Start of Block
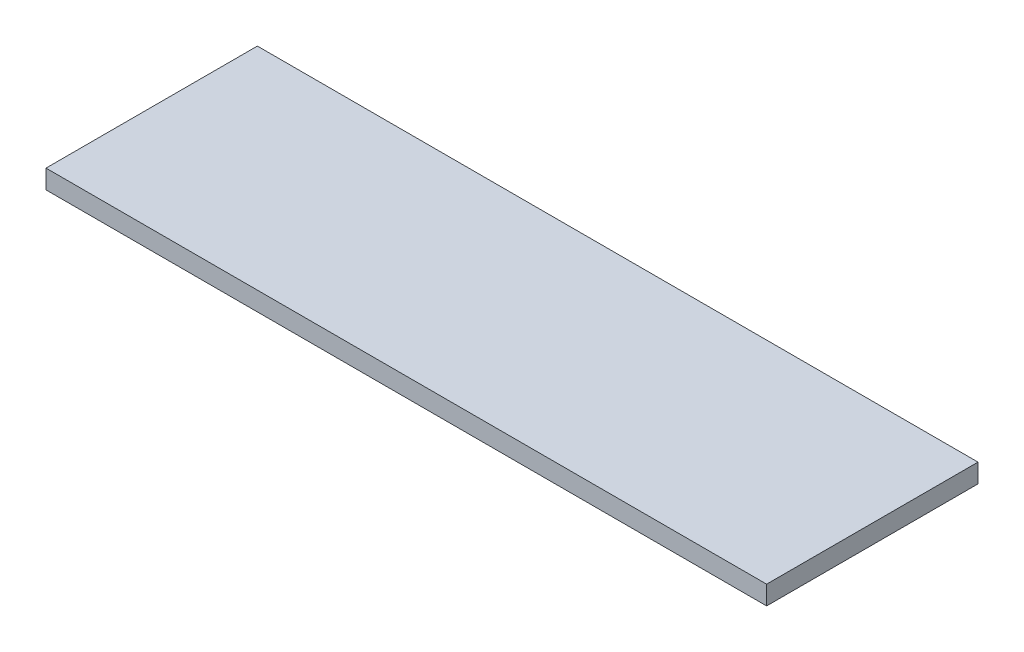
from build123d import *

# Parameters (mm, degrees)
SKETCH1_W           = 242.4
SKETCH1_H           = 71.1
BOSS_EXTRUDE1_DEPTH = 6.35


with BuildPart() as part:
    # Sketch1 → Boss-Extrude1 (new body)
    with BuildSketch(Plane(origin=(0, 0, 0), x_dir=(1, 0, 0), z_dir=(0, 1, 0))):
        with Locations((121.2, 35.55)):
            Rectangle(SKETCH1_W, SKETCH1_H)
    extrude(amount=BOSS_EXTRUDE1_DEPTH)


solid = part.part
End of Block
- [WORK REQUEST]: Return only the number of lines in the entries that contain the string "with".

- [WRITTEN ANSWER]: 3